Assessing the working condition of aging offshore pipelines is a challenging process made more complicated by their location on the seafloor and limited access points. An operator off the coast of West Africa faced such challenges in its plans to inspect 160 shallow-water offshore pipelines that had been in service for decades. These pipelines possessed widely varying temperature, pressure, and flowrate profiles, and the operator had a limited local inspection infrastructure to draw from.

The operator needed an in-line inspection solution that could accurately assess the condition of these lines, which ranged in size from 8 in. up to 24 in. (200 mm to 600 mm) in diameter and from 0.5 to 17.3 mi (0.8 to 27.8 km) in length. Service of these lines varied from oil and gas to water injection to multi-phase flow. The majority of lines were smaller in both length and internal diameter (ID), while the largest and longest pipelines were devoted to transporting product from the offshore field to shore.
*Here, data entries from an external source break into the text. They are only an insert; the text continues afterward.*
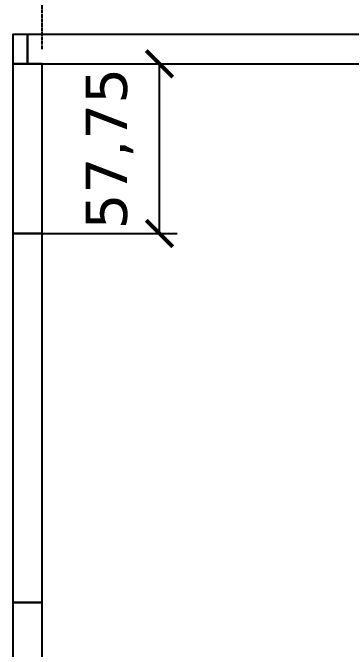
# Model space of a CAD drawing. Header units: centimetres. Extents: x -135 to 5324, y -1304 to 1609.
# Drawn here: x 3436 to 3551.3, y 494 to 710.6 of the extents above; entities that cross this region are included whole.
import ezdxf

# ---------------------------------------------------------------- set-up
doc = ezdxf.new("R2010")
doc.units = ezdxf.units.CM
doc.linetypes.add('DASHED', pattern=[1.524, 1.27, -0.254])
for name, color, linetype in [('ACIK_SINIR', 8, 'DASHED'), ('MONTAJ_OZEL_OLCU', 6, 'Continuous'), ('MONTAJ_OZEL_PANO', 6, 'Continuous'), ('MONTAJ_STANDART', 7, 'Continuous')]:
    doc.layers.add(name, color=color, linetype=linetype)
doc.styles.add('PORTMAN', font='DejaVuSans.ttf')
doc.dimstyles.new('PORTMAN', dxfattribs={"dimtxt": 14, "dimasz": 9, "dimexe": 6, "dimexo": 5, "dimgap": 4, "dimtad": 1, "dimtxsty": 'PORTMAN', "dimblk": 'ARCHTICK', "dimcen": 2.5, "dimazin": 3, "dimtfac": 0.5, "dimtmove": 2, "dimatfit": 3})

# ---------------------------------------------------------------- blocks, each defined once
blk = doc.blocks.new('BOM_I14_1255p0_IC_DOLU')
blk.add_lwpolyline([(0, 0), (10, 0), (10, 125.5), (0, 125.5)], close=True)
blk = doc.blocks.new('MNT_BOM_I14_1255p0_IC_DOLU')
blk.add_blockref('BOM_I14_1255p0_IC_DOLU', (0, 0))
blk = doc.blocks.new('BOM_I16_577p5_IC_DOLU')
blk.add_lwpolyline([(0, 0), (10, 0), (10, 57.75), (0, 57.75)], close=True)
blk = doc.blocks.new('MNT_BOM_I16_577p5_IC_DOLU')
blk.add_blockref('BOM_I16_577p5_IC_DOLU', (0, 0))
blk = doc.blocks.new('_ARCHTICK')
at = {"color": 0, "linetype": 'BYBLOCK', "const_width": 0.15}
blk.add_lwpolyline([(-0.5, -0.5), (0.5, 0.5)], dxfattribs=at)
blk = doc.blocks.new('BOM_B02_IC_KOSE_50x100')
blk.add_lwpolyline([(0, 0), (5, 0), (5, 10), (0, 10)], close=True)
blk = doc.blocks.new('MNT_BOM_B02_IC_KOSE_50x100')
blk.add_blockref('BOM_B02_IC_KOSE_50x100', (0, 0))

msp = doc.modelspace()

# ---------------------------------------------------------------- linework, layer by layer
at = {"layer": 'ACIK_SINIR'}
msp.add_line((3446, 698.25), (3446, 886.5), dxfattribs=at)

# ---------------------------------------------------------------- block references
at = {"layer": 'MONTAJ_OZEL_PANO'}
msp.add_blockref('MNT_BOM_I16_577p5_IC_DOLU', (3436, 635.5), dxfattribs=at)
at = {"layer": 'MONTAJ_STANDART'}
for name, p in [('MNT_BOM_B02_IC_KOSE_50x100', (3436, 693.25)), ('MNT_BOM_I14_1255p0_IC_DOLU', (3436, 510)), ('MNT_BOM_I14_1255p0_IC_DOLU', (3436, 384.5))]:
    msp.add_blockref(name, p, dxfattribs=at)
at = {"layer": 'MONTAJ_STANDART', "rotation": 270}
msp.add_blockref('MNT_BOM_I14_1255p0_IC_DOLU', (3441, 703.25), dxfattribs=at)

# ---------------------------------------------------------------- dimensions: what is measured, and where the dimension line sits
at = {"layer": 'MONTAJ_OZEL_OLCU'}
msp.add_linear_dim(base=(3486, 635.5), p1=(3436, 635.5), p2=(3436, 693.25), angle=90, dimstyle='PORTMAN', override={"dimtxt": 14, "dimasz": 9, "dimexe": 6, "dimexo": 5, "dimdec": 2, "dimzin": 8, "dimdsep": 44}, dxfattribs=at).render()

doc.saveas('drawing.dxf')
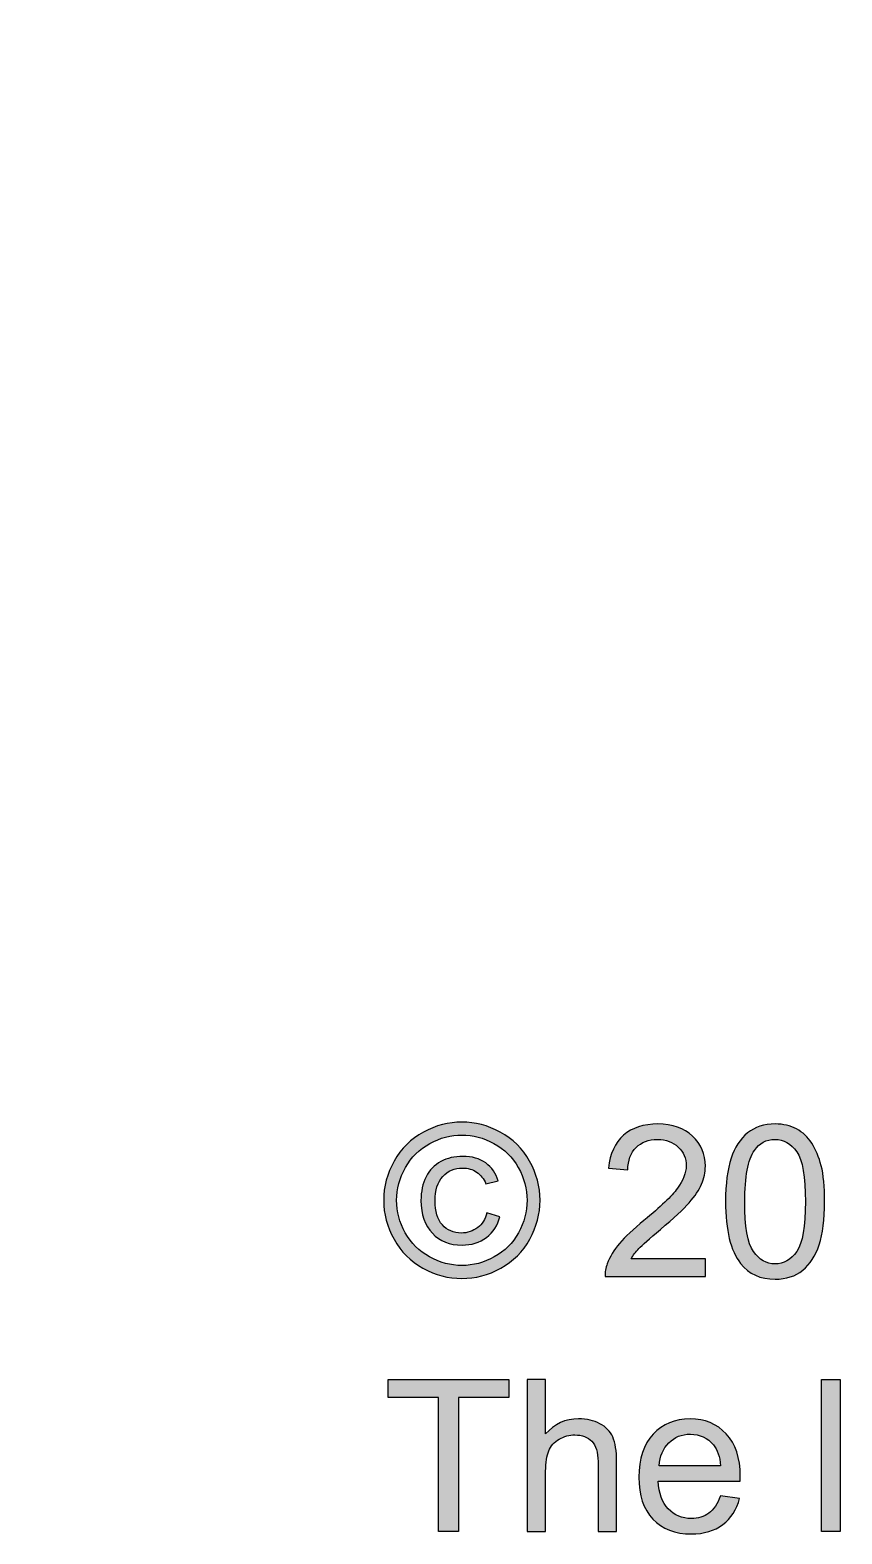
# Model space of a CAD drawing. Extents: x 65 to 355, y 40 to 244.
# Drawn here: x 193.33 to 205.47, y 41.38 to 63.87 of the extents above; entities that cross this region are included whole.
import ezdxf

# ---------------------------------------------------------------- set-up
doc = ezdxf.new("R2010")
doc.units = 0
doc.header["$MEASUREMENT"] = 0
doc.layers.add('COPYRIGHT_NOTICE', color=7, linetype='CONTINUOUS')
doc.layers.add('SOLIDS', color=7, linetype='CONTINUOUS')

# ---------------------------------------------------------------- blocks, each defined once
blk = doc.blocks.new('BLOCK_7')
at = {"layer": 'COPYRIGHT_NOTICE'}
h = blk.add_hatch(color=7, dxfattribs=at)
h.dxf.hatch_style = 2
edge = h.paths.add_edge_path()
edge.add_spline(control_points=[(199.789, 47.541), (199.985, 47.541), (200.177, 47.491), (200.364, 47.39), (200.551, 47.289), (200.697, 47.145), (200.801, 46.957), (200.906, 46.77), (200.958, 46.574), (200.958, 46.371), (200.958, 46.169), (200.906, 45.975), (200.804, 45.789), (200.701, 45.603), (200.557, 45.459), (200.371, 45.356), (200.186, 45.253), (199.992, 45.202), (199.789, 45.202), (199.586, 45.202), (199.392, 45.253), (199.207, 45.356), (199.021, 45.459), (198.877, 45.603), (198.774, 45.789), (198.67, 45.975), (198.619, 46.169), (198.619, 46.371), (198.619, 46.574), (198.671, 46.77), (198.776, 46.957), (198.881, 47.145), (199.027, 47.289), (199.214, 47.39), (199.401, 47.491), (199.593, 47.541), (199.789, 47.541)], knot_values=[0, 0, 0, 0, 1, 1, 1, 2, 2, 2, 3, 3, 3, 4, 4, 4, 5, 5, 5, 6, 6, 6, 7, 7, 7, 8, 8, 8, 9, 9, 9, 10, 10, 10, 11, 11, 11, 12, 12, 12, 12], degree=3, periodic=1)
edge = h.paths.add_edge_path()
edge.add_spline(control_points=[(199.789, 47.347), (199.625, 47.347), (199.465, 47.305), (199.309, 47.221), (199.154, 47.137), (199.032, 47.016), (198.944, 46.86), (198.856, 46.703), (198.812, 46.54), (198.812, 46.371), (198.812, 46.202), (198.855, 46.041), (198.942, 45.886), (199.028, 45.732), (199.149, 45.611), (199.304, 45.525), (199.459, 45.439), (199.621, 45.396), (199.789, 45.396), (199.957, 45.396), (200.119, 45.439), (200.274, 45.525), (200.429, 45.611), (200.55, 45.732), (200.635, 45.886), (200.721, 46.041), (200.764, 46.202), (200.764, 46.371), (200.764, 46.54), (200.72, 46.703), (200.633, 46.86), (200.546, 47.016), (200.424, 47.137), (200.268, 47.221), (200.112, 47.305), (199.952, 47.347), (199.789, 47.347)], knot_values=[0, 0, 0, 0, 1, 1, 1, 2, 2, 2, 3, 3, 3, 4, 4, 4, 5, 5, 5, 6, 6, 6, 7, 7, 7, 8, 8, 8, 9, 9, 9, 10, 10, 10, 11, 11, 11, 12, 12, 12, 12], degree=3, periodic=1)
edge = h.paths.add_edge_path()
edge.add_spline(control_points=[(200.164, 46.182), (200.164, 46.182), (200.355, 46.126), (200.355, 46.126), (200.324, 45.997), (200.258, 45.893), (200.157, 45.816), (200.056, 45.739), (199.934, 45.701), (199.791, 45.701), (199.609, 45.701), (199.461, 45.76), (199.347, 45.878), (199.233, 45.995), (199.177, 46.159), (199.177, 46.368), (199.177, 46.504), (199.202, 46.622), (199.254, 46.723), (199.306, 46.824), (199.379, 46.9), (199.475, 46.951), (199.571, 47.002), (199.68, 47.028), (199.803, 47.028), (199.94, 47.028), (200.055, 46.995), (200.146, 46.929), (200.237, 46.864), (200.299, 46.775), (200.332, 46.662), (200.332, 46.662), (200.147, 46.617), (200.147, 46.617), (200.116, 46.693), (200.07, 46.752), (200.01, 46.793), (199.95, 46.834), (199.878, 46.854), (199.797, 46.854), (199.678, 46.854), (199.58, 46.812), (199.503, 46.727), (199.426, 46.642), (199.387, 46.521), (199.387, 46.363), (199.387, 46.205), (199.424, 46.085), (199.497, 46.004), (199.57, 45.923), (199.664, 45.882), (199.78, 45.882), (199.873, 45.882), (199.954, 45.909), (200.025, 45.963), (200.095, 46.016), (200.141, 46.09), (200.164, 46.182)], knot_values=[0, 0, 0, 0, 1, 1, 1, 2, 2, 2, 3, 3, 3, 4, 4, 4, 5, 5, 5, 6, 6, 6, 7, 7, 7, 8, 8, 8, 9, 9, 9, 10, 10, 10, 11, 11, 11, 12, 12, 12, 13, 13, 13, 14, 14, 14, 15, 15, 15, 16, 16, 16, 17, 17, 17, 18, 18, 18, 19, 19, 19, 19], degree=3, periodic=1)
h = blk.add_hatch(color=7, dxfattribs=at)
h.dxf.hatch_style = 2
edge = h.paths.add_edge_path()
edge.add_spline(control_points=[(203.434, 45.498), (203.434, 45.498), (203.434, 45.23), (203.434, 45.23), (203.434, 45.23), (201.932, 45.23), (201.932, 45.23), (201.929, 45.297), (201.94, 45.361), (201.964, 45.423), (202.002, 45.526), (202.063, 45.627), (202.148, 45.726), (202.232, 45.825), (202.354, 45.94), (202.513, 46.07), (202.76, 46.272), (202.927, 46.433), (203.014, 46.551), (203.1, 46.67), (203.144, 46.781), (203.144, 46.887), (203.144, 46.997), (203.104, 47.091), (203.025, 47.167), (202.946, 47.243), (202.843, 47.281), (202.716, 47.281), (202.582, 47.281), (202.474, 47.24), (202.394, 47.16), (202.313, 47.079), (202.272, 46.967), (202.271, 46.825), (202.271, 46.825), (201.984, 46.854), (201.984, 46.854), (202.004, 47.068), (202.078, 47.231), (202.206, 47.344), (202.334, 47.456), (202.506, 47.512), (202.722, 47.512), (202.94, 47.512), (203.113, 47.451), (203.24, 47.33), (203.367, 47.209), (203.431, 47.059), (203.431, 46.881), (203.431, 46.79), (203.412, 46.7), (203.375, 46.612), (203.338, 46.525), (203.276, 46.432), (203.19, 46.335), (203.103, 46.238), (202.96, 46.104), (202.759, 45.935), (202.592, 45.794), (202.484, 45.699), (202.437, 45.649), (202.389, 45.599), (202.35, 45.548), (202.319, 45.498), (202.319, 45.498), (203.434, 45.498), (203.434, 45.498)], knot_values=[0, 0, 0, 0, 1, 1, 1, 2, 2, 2, 3, 3, 3, 4, 4, 4, 5, 5, 5, 6, 6, 6, 7, 7, 7, 8, 8, 8, 9, 9, 9, 10, 10, 10, 11, 11, 11, 12, 12, 12, 13, 13, 13, 14, 14, 14, 15, 15, 15, 16, 16, 16, 17, 17, 17, 18, 18, 18, 19, 19, 19, 20, 20, 20, 21, 21, 21, 22, 22, 22, 22], degree=3, periodic=1)
h = blk.add_hatch(color=7, dxfattribs=at)
h.dxf.hatch_style = 2
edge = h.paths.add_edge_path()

Baker Hughes had developed an in-line inspection solution, which was both integrated and in country, that could address the operator's needs. The pipeline service company had a local workshop and associated facilities located in close proximity to the operator's onshore operations base. This onshore facility would also house any required spare parts and maintenance activities for the inspection tools. Baker Hughes took advantage of an eastern hemisphere operations base as a coordination location, and assembled and mobilized the tools from Aberdeen, UK, to the local facility.

The inspection strategy called for deploying two different tools to accommodate the various pipe sizes. The first, a multi-channel caliper (MCC) tool, was deployed in line to detect and characterize changes in the internal bore of the pipe, which could indicate integrity issues. The MCC comprises a series of spring-loaded deformation sensor arms positioned around a central tool body, which ensure constant direct contact with the interior pipe surface. The close spacing of the arms ensures circumferential coverage of the pipe wall.

The MCC also includes bend-radius sensors to detect and define pipe bends, thus providing more up-to-date pipeline data profiles ahead of deploying more expensive and sensitive in-line inspection tools. The tool contains dual, independently recorded odometers, onboard orientation sensors, and flash memory data storage to acquire high-quality pipe data and an accurate location of any pipeline defects.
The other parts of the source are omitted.